* **EXERCISE BRIEF**
Setting pictures aside, output exactly the lines from the start of the records to the line with "#5=PRODUCT_RELATED_PRODUCT_CATEGORY('part','',(#4));", that line included.

(Data excerpts)
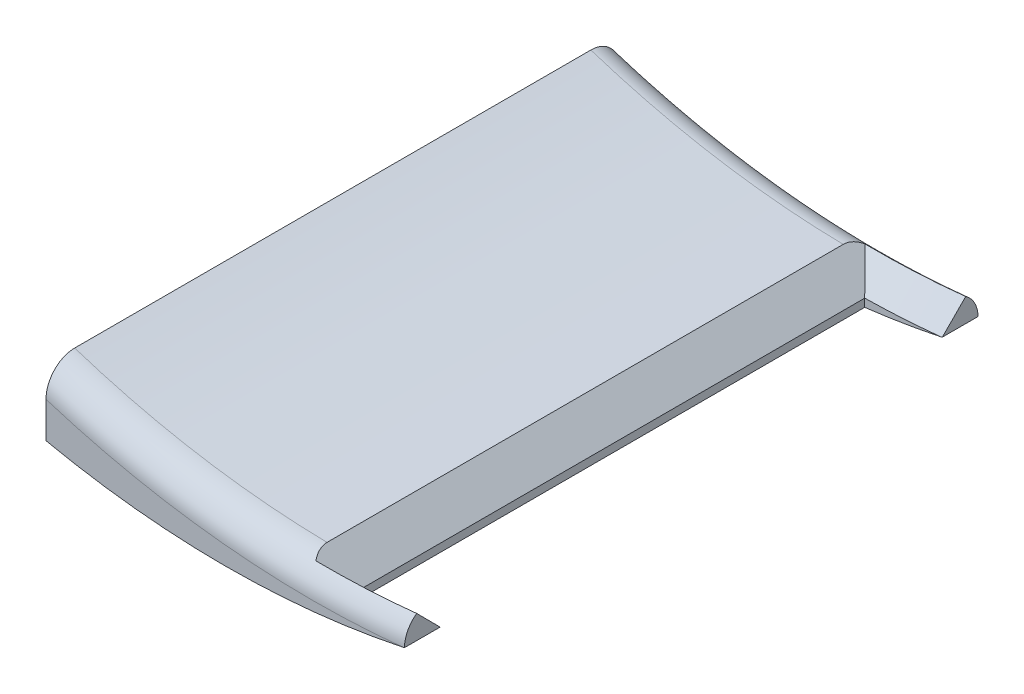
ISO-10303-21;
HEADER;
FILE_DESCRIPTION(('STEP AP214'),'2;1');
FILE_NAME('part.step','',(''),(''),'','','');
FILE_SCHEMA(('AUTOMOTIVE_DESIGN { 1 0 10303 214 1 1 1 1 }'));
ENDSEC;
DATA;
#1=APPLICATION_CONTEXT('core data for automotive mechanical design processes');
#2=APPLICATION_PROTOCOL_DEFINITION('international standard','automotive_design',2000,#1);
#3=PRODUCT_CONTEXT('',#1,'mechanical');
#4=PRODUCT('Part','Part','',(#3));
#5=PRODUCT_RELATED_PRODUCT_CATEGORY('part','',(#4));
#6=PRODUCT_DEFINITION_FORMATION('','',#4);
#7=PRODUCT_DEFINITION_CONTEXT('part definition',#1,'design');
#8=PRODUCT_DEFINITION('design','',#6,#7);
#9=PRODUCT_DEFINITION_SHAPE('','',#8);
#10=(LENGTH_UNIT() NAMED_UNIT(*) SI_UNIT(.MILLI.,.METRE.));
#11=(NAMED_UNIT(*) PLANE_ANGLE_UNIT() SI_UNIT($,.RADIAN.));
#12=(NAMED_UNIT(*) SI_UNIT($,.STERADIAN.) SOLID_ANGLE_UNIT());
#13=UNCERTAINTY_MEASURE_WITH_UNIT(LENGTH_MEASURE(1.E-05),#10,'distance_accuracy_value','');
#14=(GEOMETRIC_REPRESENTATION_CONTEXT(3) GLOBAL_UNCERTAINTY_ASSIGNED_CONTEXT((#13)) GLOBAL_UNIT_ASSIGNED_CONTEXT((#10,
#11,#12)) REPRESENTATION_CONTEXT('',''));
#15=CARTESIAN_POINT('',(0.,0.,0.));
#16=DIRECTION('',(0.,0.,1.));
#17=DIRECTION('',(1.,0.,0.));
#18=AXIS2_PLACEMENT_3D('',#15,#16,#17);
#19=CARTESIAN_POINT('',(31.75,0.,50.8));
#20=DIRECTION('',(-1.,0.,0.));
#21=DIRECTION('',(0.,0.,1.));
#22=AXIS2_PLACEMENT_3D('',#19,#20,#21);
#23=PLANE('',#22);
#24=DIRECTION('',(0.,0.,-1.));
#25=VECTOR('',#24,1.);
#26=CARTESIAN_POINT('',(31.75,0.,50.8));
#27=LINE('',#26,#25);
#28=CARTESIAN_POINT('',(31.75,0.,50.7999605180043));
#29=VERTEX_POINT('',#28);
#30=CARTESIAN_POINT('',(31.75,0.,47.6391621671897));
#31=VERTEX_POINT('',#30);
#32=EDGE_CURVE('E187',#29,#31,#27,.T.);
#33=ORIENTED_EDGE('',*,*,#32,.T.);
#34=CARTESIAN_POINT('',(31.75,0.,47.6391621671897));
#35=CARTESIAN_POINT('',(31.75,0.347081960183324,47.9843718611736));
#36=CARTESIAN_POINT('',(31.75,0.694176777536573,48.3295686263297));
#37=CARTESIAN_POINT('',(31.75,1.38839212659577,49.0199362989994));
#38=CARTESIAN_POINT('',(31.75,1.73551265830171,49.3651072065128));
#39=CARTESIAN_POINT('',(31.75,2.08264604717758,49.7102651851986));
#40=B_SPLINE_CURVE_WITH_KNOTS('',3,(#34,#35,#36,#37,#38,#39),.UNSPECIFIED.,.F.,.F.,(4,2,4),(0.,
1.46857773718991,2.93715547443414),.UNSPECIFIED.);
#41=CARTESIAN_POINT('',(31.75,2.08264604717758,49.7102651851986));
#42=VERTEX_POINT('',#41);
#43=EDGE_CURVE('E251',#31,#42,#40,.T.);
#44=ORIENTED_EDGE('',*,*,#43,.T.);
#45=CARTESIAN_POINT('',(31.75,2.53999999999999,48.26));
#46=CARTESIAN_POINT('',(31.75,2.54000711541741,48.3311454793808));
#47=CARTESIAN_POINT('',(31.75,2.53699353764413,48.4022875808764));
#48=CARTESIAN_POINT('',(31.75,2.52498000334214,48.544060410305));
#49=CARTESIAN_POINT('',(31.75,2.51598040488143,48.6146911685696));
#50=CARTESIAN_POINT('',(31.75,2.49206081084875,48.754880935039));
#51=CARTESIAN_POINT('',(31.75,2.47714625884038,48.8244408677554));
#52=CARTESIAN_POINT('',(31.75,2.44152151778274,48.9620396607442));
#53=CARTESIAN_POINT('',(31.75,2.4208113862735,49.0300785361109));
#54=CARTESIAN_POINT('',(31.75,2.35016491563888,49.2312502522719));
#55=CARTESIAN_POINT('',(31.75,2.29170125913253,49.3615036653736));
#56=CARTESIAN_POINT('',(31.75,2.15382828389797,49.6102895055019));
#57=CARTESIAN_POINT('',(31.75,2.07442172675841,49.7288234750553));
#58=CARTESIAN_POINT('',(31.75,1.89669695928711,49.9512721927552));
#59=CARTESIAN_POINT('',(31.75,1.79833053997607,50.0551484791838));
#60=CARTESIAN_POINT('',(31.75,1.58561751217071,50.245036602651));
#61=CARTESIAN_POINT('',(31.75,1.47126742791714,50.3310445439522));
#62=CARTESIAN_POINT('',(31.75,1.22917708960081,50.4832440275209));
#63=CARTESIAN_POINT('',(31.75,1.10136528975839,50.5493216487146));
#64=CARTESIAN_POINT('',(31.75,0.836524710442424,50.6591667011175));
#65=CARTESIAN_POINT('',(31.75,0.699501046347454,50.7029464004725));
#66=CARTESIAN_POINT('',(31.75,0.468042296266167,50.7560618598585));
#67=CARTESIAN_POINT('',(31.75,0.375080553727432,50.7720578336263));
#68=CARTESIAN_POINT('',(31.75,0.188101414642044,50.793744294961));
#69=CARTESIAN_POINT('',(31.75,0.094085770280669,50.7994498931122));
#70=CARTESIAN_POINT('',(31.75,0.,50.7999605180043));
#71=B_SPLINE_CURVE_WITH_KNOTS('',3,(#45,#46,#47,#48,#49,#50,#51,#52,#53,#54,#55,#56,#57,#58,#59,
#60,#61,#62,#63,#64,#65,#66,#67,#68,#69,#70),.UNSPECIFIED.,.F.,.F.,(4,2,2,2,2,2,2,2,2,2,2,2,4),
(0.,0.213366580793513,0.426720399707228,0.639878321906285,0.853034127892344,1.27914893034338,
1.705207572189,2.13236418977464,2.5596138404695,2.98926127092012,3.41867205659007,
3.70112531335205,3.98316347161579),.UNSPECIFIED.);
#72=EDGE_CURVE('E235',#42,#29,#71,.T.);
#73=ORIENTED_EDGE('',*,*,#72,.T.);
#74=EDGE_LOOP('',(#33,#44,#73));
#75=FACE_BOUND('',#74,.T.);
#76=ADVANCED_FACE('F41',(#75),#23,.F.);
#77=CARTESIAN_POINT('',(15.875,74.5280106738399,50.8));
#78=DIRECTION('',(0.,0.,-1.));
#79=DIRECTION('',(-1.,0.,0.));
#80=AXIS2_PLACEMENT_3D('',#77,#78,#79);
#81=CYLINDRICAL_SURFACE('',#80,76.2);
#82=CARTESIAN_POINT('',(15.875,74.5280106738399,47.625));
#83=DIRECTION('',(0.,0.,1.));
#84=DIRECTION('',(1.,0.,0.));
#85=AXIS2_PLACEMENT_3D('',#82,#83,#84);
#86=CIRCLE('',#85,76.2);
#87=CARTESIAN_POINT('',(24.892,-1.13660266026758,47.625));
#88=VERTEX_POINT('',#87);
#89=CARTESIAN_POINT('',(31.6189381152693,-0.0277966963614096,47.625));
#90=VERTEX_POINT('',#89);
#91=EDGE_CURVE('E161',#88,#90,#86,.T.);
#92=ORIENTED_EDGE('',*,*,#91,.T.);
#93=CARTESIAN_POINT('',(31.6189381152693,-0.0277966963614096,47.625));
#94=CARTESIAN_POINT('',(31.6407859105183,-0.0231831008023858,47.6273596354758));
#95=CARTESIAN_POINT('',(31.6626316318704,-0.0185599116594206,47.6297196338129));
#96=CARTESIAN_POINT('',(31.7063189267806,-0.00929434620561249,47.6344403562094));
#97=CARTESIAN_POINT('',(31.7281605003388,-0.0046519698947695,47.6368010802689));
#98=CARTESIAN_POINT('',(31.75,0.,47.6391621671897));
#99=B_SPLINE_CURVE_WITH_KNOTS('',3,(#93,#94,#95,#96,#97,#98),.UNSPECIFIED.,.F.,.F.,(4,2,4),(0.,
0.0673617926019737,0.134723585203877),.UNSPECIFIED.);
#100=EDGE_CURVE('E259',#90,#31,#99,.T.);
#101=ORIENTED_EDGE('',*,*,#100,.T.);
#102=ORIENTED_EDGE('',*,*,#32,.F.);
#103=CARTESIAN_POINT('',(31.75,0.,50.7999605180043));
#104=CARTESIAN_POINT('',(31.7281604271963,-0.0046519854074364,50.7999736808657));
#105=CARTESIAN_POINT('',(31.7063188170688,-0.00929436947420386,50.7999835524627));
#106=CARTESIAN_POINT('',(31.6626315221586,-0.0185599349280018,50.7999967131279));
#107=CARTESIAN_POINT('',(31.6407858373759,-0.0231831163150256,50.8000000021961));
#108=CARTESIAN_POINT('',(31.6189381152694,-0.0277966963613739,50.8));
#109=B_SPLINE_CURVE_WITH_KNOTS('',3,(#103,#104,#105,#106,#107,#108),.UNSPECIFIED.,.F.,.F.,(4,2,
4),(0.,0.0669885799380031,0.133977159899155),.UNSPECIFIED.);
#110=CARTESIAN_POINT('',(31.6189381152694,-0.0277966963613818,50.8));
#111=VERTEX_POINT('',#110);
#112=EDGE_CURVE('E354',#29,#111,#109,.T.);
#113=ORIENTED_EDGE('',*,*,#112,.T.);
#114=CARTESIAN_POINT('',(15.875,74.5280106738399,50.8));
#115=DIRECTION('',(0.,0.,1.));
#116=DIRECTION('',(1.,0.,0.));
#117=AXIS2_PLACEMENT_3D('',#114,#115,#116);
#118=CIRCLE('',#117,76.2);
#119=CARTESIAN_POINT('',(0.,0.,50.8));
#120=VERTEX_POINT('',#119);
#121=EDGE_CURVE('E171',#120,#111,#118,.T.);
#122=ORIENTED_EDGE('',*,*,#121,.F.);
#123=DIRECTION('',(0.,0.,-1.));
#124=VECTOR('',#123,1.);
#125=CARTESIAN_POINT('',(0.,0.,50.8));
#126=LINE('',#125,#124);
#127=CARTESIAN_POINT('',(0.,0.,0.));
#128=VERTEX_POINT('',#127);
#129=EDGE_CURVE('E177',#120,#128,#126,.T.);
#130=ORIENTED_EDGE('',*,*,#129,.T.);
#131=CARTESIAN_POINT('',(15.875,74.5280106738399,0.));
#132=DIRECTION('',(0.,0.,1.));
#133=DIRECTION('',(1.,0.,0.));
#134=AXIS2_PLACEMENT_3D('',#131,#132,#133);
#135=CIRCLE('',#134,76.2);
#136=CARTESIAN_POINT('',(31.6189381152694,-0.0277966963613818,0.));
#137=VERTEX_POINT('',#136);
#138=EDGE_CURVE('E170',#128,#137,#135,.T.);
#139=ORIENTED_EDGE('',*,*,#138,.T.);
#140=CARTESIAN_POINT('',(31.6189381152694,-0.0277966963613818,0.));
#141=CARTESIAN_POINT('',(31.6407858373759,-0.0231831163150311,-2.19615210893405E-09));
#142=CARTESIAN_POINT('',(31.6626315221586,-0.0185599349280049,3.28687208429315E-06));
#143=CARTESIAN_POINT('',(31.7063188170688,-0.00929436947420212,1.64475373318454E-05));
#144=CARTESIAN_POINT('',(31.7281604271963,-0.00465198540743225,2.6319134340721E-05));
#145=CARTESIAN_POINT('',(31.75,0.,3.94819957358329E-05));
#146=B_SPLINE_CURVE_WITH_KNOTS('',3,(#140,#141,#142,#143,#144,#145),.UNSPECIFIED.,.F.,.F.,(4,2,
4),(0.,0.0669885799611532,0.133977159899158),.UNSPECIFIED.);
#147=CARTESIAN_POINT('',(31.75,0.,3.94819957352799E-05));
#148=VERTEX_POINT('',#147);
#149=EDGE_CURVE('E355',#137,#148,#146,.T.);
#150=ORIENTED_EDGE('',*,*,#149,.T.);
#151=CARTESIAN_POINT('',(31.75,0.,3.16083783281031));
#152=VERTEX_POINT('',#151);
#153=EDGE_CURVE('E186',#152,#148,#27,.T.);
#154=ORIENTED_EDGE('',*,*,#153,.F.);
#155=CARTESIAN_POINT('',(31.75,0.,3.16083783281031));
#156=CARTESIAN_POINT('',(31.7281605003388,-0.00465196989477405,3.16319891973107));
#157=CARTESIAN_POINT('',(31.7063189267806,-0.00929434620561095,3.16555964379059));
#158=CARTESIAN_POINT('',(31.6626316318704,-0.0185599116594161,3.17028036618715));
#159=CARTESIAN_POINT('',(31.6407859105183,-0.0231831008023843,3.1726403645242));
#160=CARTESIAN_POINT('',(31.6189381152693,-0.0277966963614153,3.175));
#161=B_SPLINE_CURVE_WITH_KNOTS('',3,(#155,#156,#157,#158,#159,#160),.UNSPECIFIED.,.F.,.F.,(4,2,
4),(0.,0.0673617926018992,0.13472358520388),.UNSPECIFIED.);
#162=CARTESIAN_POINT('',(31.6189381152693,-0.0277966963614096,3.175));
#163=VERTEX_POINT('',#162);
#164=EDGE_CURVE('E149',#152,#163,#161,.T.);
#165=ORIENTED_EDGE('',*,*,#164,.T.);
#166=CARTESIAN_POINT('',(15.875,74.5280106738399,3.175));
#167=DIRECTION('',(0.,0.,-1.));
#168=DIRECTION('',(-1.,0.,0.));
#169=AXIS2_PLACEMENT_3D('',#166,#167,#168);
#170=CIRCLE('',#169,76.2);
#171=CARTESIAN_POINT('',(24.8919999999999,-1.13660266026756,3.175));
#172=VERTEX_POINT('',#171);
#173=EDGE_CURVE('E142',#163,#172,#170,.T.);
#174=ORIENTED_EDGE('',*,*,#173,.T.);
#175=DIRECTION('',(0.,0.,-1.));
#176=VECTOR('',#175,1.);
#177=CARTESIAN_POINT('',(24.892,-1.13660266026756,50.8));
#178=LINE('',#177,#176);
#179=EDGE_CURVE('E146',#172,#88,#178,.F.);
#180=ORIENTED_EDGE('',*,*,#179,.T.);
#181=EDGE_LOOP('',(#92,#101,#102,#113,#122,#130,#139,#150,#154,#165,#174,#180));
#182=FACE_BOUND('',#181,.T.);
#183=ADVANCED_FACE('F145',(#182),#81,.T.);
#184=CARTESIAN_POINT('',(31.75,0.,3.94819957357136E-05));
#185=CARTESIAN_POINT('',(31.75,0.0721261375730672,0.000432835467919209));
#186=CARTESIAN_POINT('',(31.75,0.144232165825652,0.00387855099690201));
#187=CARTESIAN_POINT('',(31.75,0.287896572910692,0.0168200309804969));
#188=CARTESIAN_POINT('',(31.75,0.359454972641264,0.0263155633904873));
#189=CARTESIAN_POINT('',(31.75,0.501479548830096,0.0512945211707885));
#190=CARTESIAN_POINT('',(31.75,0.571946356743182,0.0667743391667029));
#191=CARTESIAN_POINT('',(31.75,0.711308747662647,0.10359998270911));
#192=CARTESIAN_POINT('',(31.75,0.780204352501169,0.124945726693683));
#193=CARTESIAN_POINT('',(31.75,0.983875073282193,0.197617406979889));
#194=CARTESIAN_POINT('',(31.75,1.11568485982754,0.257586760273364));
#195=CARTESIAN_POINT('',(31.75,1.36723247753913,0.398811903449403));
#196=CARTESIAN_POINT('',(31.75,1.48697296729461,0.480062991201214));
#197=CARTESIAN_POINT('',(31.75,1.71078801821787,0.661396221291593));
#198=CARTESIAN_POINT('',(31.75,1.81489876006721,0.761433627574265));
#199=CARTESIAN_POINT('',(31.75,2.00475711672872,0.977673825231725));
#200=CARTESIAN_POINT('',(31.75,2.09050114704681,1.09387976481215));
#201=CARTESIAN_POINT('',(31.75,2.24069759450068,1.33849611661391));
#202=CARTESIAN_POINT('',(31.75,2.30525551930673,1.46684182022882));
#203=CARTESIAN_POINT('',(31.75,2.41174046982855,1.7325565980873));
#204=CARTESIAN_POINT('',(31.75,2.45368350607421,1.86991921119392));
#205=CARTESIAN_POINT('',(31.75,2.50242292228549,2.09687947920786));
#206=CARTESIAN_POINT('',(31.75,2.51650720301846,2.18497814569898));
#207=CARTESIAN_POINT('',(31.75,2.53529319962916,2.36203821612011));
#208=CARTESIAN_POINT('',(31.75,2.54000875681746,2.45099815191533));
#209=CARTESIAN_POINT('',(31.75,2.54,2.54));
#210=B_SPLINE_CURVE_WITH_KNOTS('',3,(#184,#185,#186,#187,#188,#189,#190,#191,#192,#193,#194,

* **ANSWER TO THIS EXERCISE**
ISO-10303-21;
HEADER;
FILE_DESCRIPTION(('STEP AP214'),'2;1');
FILE_NAME('part.step','',(''),(''),'','','');
FILE_SCHEMA(('AUTOMOTIVE_DESIGN { 1 0 10303 214 1 1 1 1 }'));
ENDSEC;
DATA;
#1=APPLICATION_CONTEXT('core data for automotive mechanical design processes');
#2=APPLICATION_PROTOCOL_DEFINITION('international standard','automotive_design',2000,#1);
#3=PRODUCT_CONTEXT('',#1,'mechanical');
#4=PRODUCT('Part','Part','',(#3));
#5=PRODUCT_RELATED_PRODUCT_CATEGORY('part','',(#4));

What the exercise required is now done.